> Exercise requirements: Each line of the data below should be restated exactly, with images left out.

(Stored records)
>>
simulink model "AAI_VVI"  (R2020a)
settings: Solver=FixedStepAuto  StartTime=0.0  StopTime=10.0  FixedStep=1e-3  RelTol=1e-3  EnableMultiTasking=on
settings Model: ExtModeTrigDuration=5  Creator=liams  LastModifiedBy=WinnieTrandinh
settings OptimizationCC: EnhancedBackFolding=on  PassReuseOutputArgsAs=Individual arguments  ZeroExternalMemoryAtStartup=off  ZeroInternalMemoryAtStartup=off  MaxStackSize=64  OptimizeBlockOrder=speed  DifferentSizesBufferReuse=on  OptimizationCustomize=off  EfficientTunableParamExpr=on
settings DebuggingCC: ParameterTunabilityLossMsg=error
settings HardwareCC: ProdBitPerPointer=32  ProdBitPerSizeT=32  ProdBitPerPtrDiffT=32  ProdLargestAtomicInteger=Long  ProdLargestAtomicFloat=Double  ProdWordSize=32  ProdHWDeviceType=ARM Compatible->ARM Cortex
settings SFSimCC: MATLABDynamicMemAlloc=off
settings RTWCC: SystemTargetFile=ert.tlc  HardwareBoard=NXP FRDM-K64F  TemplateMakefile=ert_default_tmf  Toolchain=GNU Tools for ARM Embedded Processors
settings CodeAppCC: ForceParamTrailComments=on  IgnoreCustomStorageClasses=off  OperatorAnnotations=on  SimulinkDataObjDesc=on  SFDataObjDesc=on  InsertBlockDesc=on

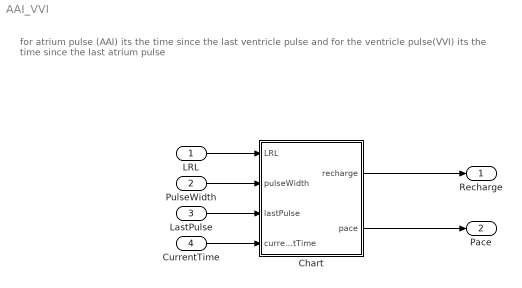
== system AAI_VVI ==
  note: for atrium pulse (AAI) its the time since the last ventricle pulse and for the ventricle pulse(VVI) its the time since the last atrium pulse
  LRL : Inport
  PulseWidth : Inport  Port=2
  LastPulse : Inport  Port=3
  CurrentTime : Inport  Port=4
  Chart : Stateflow chart  TreatAsAtomicUnit=on
  Recharge : Outport
  Pace : Outport  Port=2
  wires:
  Chart/2(pace) -> Pace/1
  Chart/1(recharge) -> Recharge/1
  LRL/1 -> Chart/1(LRL)
  LastPulse/1 -> Chart/3(lastPulse)
  CurrentTime/1 -> Chart/4(currentTime)
  PulseWidth/1 -> Chart/2(pulseWidth)

== stateflow chart AAI_VVI/Chart ==
  note: we will need it to pace if after a set delay the ventricle/atrium doesn't pump then the pacing will need to kick in
      | and pace for it
  state Pacing_Off
    entry:
    pace = false;
  state Recharge
    entry:
    recharge = true;
  note: t being the time since the last atrium/ventricle pulse
      | x being the time of the delay (x will need to be changed in the symbols panels because there is a
      | placeholder value there right now)
  note: update last pulse if inhibited
  state Pace
    entry:
    pace = true;
    recharge = false;
  (default) -> Pacing_Off
  Pacing_Off -> Recharge : [(currentTime-lastPulse)>LRL]
  Recharge -> Pace : [true]
  Pace -> Pacing_Off : [after(pulseWidth, msec)]
  data: recharge output; pace output; LRL input double =0.3; pulseWidth input; lastPulse input; currentTime input
<<
> Reply:
simulink model "AAI_VVI"  (R2020a)
settings: Solver=FixedStepAuto  StartTime=0.0  StopTime=10.0  FixedStep=1e-3  RelTol=1e-3  EnableMultiTasking=on
settings Model: ExtModeTrigDuration=5  Creator=liams  LastModifiedBy=WinnieTrandinh
settings OptimizationCC: EnhancedBackFolding=on  PassReuseOutputArgsAs=Individual arguments  ZeroExternalMemoryAtStartup=off  ZeroInternalMemoryAtStartup=off  MaxStackSize=64  OptimizeBlockOrder=speed  DifferentSizesBufferReuse=on  OptimizationCustomize=off  EfficientTunableParamExpr=on
settings DebuggingCC: ParameterTunabilityLossMsg=error
settings HardwareCC: ProdBitPerPointer=32  ProdBitPerSizeT=32  ProdBitPerPtrDiffT=32  ProdLargestAtomicInteger=Long  ProdLargestAtomicFloat=Double  ProdWordSize=32  ProdHWDeviceType=ARM Compatible->ARM Cortex
settings SFSimCC: MATLABDynamicMemAlloc=off
settings RTWCC: SystemTargetFile=ert.tlc  HardwareBoard=NXP FRDM-K64F  TemplateMakefile=ert_default_tmf  Toolchain=GNU Tools for ARM Embedded Processors
settings CodeAppCC: ForceParamTrailComments=on  IgnoreCustomStorageClasses=off  OperatorAnnotations=on  SimulinkDataObjDesc=on  SFDataObjDesc=on  InsertBlockDesc=on

== system AAI_VVI ==
  note: for atrium pulse (AAI) its the time since the last ventricle pulse and for the ventricle pulse(VVI) its the time since the last atrium pulse
  LRL : Inport
  PulseWidth : Inport  Port=2
  LastPulse : Inport  Port=3
  CurrentTime : Inport  Port=4
  Chart : Stateflow chart  TreatAsAtomicUnit=on
  Recharge : Outport
  Pace : Outport  Port=2
  wires:
  Chart/2(pace) -> Pace/1
  Chart/1(recharge) -> Recharge/1
  LRL/1 -> Chart/1(LRL)
  LastPulse/1 -> Chart/3(lastPulse)
  CurrentTime/1 -> Chart/4(currentTime)
  PulseWidth/1 -> Chart/2(pulseWidth)

== stateflow chart AAI_VVI/Chart ==
  note: we will need it to pace if after a set delay the ventricle/atrium doesn't pump then the pacing will need to kick in
      | and pace for it
  state Pacing_Off
    entry:
    pace = false;
  state Recharge
    entry:
    recharge = true;
  note: t being the time since the last atrium/ventricle pulse
      | x being the time of the delay (x will need to be changed in the symbols panels because there is a
      | placeholder value there right now)
  note: update last pulse if inhibited
  state Pace
    entry:
    pace = true;
    recharge = false;
  (default) -> Pacing_Off
  Pacing_Off -> Recharge : [(currentTime-lastPulse)>LRL]
  Recharge -> Pace : [true]
  Pace -> Pacing_Off : [after(pulseWidth, msec)]
  data: recharge output; pace output; LRL input double =0.3; pulseWidth input; lastPulse input; currentTime input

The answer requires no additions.